## Data shown
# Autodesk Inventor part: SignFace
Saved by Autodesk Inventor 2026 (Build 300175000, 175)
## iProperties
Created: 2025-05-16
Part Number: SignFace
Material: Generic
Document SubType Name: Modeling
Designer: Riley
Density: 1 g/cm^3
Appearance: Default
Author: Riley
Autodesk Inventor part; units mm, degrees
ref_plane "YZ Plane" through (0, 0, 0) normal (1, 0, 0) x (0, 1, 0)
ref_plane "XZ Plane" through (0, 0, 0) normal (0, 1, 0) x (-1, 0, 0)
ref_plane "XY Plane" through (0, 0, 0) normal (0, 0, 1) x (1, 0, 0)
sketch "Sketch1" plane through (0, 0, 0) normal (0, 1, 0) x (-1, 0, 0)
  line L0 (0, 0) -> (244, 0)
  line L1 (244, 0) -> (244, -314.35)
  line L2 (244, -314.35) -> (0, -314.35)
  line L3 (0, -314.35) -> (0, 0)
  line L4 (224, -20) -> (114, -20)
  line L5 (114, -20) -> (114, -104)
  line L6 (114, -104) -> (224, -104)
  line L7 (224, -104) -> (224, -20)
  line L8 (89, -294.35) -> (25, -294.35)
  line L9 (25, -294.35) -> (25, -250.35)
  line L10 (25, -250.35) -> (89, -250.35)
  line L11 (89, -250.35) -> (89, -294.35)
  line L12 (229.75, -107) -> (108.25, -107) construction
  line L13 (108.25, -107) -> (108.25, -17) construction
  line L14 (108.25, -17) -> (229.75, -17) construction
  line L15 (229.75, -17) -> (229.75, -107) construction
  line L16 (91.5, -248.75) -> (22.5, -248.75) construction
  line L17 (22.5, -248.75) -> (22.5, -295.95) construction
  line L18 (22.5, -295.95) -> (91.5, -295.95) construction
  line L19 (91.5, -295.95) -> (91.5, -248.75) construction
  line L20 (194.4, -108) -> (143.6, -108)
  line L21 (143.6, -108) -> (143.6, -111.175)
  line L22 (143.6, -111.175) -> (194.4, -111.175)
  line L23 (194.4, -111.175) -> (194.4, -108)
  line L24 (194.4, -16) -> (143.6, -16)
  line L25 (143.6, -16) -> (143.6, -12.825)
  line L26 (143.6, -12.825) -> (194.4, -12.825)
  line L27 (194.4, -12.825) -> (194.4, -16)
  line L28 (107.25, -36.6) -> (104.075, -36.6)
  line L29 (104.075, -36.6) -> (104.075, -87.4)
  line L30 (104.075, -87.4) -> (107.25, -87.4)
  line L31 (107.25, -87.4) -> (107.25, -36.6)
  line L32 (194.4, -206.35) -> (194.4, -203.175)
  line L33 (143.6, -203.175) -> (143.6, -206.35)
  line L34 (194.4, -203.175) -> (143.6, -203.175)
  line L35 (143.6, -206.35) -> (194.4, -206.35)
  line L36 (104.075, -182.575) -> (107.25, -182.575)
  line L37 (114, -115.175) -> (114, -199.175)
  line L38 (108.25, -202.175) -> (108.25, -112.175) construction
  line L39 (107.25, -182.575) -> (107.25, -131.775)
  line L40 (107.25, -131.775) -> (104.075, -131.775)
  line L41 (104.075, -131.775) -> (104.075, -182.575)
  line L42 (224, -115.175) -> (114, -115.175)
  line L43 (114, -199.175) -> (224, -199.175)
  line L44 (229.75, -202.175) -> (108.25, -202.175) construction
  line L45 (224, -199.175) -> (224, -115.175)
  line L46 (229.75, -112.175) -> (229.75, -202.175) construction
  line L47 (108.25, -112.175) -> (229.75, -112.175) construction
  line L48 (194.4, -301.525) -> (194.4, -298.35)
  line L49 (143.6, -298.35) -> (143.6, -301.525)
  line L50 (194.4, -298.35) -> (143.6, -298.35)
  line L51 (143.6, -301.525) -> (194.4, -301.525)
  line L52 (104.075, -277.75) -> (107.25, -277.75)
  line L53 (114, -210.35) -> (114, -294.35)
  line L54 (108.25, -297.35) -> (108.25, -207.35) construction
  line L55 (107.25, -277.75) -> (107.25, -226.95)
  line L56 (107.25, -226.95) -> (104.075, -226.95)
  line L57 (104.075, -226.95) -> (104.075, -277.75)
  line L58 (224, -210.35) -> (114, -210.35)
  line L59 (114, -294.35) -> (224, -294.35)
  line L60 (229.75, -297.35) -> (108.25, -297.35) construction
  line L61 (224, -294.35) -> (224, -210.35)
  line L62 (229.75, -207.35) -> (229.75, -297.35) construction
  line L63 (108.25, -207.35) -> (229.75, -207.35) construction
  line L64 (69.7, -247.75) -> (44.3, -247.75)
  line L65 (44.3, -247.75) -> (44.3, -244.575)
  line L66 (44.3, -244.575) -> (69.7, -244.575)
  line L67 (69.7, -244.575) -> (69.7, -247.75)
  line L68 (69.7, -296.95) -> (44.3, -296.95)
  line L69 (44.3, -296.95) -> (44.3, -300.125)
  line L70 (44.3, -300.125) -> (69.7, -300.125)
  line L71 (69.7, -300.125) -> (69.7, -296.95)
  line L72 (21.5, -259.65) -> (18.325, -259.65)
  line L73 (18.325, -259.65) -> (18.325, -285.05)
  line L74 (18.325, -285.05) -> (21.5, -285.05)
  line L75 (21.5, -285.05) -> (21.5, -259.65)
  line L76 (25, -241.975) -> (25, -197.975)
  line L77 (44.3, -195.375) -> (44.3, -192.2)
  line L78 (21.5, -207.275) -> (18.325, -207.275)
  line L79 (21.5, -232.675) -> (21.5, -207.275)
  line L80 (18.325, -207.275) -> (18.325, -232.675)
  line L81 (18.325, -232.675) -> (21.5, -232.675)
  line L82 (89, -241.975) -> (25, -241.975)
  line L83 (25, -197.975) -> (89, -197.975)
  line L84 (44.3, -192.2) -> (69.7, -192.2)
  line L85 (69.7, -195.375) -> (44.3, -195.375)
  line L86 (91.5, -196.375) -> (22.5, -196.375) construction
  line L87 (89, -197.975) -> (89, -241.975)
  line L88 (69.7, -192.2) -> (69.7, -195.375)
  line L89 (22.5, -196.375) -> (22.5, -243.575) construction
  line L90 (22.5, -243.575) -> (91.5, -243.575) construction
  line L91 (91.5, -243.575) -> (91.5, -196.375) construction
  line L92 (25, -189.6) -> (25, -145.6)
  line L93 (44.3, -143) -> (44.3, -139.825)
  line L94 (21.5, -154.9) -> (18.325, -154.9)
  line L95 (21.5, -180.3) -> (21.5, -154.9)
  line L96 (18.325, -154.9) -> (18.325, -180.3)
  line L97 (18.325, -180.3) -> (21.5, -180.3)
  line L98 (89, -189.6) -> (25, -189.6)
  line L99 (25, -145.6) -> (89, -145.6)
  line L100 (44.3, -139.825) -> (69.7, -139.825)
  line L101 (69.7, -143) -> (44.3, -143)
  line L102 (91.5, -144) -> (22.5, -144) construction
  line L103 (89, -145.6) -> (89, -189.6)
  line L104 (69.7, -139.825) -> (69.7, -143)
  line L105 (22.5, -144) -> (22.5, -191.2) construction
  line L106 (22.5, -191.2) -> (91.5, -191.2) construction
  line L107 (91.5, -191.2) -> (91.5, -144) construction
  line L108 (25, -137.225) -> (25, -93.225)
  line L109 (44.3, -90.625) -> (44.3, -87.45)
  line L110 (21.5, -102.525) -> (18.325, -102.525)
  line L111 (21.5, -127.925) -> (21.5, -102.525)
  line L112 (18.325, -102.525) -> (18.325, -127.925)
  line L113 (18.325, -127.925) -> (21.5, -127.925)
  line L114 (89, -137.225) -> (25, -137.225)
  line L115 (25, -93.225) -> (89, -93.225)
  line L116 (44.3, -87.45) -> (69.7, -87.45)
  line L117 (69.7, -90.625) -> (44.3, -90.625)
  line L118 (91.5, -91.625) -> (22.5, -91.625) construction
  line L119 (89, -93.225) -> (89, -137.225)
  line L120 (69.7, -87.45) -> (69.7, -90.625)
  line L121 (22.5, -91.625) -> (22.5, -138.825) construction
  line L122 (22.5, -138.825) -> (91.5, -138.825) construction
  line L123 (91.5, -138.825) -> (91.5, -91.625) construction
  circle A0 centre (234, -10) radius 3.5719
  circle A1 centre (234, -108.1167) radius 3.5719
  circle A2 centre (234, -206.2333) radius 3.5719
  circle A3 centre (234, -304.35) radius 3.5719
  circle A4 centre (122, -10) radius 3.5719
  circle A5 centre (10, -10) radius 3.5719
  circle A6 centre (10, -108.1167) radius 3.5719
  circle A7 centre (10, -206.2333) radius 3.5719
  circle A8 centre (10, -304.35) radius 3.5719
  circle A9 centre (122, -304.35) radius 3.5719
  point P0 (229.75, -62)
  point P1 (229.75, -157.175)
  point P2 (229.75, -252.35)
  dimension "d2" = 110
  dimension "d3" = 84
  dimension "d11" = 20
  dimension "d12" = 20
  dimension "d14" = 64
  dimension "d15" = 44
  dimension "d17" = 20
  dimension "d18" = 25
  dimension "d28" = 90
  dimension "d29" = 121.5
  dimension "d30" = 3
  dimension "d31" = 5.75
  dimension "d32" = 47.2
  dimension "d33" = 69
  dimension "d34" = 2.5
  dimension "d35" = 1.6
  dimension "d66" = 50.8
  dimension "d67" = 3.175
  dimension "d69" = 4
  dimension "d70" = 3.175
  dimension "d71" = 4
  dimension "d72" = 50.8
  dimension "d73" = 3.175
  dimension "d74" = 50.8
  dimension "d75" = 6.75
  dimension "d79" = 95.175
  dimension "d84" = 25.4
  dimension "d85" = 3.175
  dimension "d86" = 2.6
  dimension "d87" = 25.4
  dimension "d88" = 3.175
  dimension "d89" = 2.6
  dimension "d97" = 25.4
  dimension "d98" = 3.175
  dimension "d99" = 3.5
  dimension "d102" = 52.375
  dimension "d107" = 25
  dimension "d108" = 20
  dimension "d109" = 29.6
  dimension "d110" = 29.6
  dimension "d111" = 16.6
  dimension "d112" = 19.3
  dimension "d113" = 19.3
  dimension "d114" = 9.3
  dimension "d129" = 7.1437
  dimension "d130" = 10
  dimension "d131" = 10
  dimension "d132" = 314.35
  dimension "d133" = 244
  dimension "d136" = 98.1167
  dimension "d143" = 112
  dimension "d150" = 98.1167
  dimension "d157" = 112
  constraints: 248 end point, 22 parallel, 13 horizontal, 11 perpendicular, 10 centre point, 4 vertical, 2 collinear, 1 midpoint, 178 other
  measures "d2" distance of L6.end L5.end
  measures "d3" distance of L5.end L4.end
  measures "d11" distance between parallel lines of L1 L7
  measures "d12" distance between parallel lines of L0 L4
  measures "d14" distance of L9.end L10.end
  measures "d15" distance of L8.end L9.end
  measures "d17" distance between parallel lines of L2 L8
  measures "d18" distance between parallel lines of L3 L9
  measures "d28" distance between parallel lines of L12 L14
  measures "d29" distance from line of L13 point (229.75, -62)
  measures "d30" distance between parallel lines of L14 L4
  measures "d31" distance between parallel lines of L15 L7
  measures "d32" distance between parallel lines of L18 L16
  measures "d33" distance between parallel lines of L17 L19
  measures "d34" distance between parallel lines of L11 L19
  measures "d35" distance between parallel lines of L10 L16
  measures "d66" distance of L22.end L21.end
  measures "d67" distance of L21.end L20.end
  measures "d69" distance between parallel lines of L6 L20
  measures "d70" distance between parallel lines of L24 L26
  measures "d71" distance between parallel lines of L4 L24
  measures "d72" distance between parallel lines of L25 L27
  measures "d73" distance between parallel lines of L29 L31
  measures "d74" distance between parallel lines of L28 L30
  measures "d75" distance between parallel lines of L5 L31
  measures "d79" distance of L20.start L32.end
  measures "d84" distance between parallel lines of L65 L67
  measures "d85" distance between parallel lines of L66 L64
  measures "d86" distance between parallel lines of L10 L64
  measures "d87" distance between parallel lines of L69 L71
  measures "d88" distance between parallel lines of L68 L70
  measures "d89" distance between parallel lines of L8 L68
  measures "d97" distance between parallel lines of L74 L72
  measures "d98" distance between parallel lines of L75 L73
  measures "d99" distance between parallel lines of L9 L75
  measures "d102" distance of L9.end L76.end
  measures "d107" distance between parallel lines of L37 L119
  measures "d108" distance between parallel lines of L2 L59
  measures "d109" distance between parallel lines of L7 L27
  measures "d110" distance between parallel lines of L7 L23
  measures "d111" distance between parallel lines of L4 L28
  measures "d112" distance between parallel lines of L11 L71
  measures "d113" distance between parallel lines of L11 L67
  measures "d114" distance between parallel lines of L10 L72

## Action item
Reproduce each line from the listing above that includes the word "circle".

## Answer section
  circle A0 centre (234, -10) radius 3.5719
  circle A1 centre (234, -108.1167) radius 3.5719
  circle A2 centre (234, -206.2333) radius 3.5719
  circle A3 centre (234, -304.35) radius 3.5719
  circle A4 centre (122, -10) radius 3.5719
  circle A5 centre (10, -10) radius 3.5719
  circle A6 centre (10, -108.1167) radius 3.5719
  circle A7 centre (10, -206.2333) radius 3.5719
  circle A8 centre (10, -304.35) radius 3.5719
  circle A9 centre (122, -304.35) radius 3.5719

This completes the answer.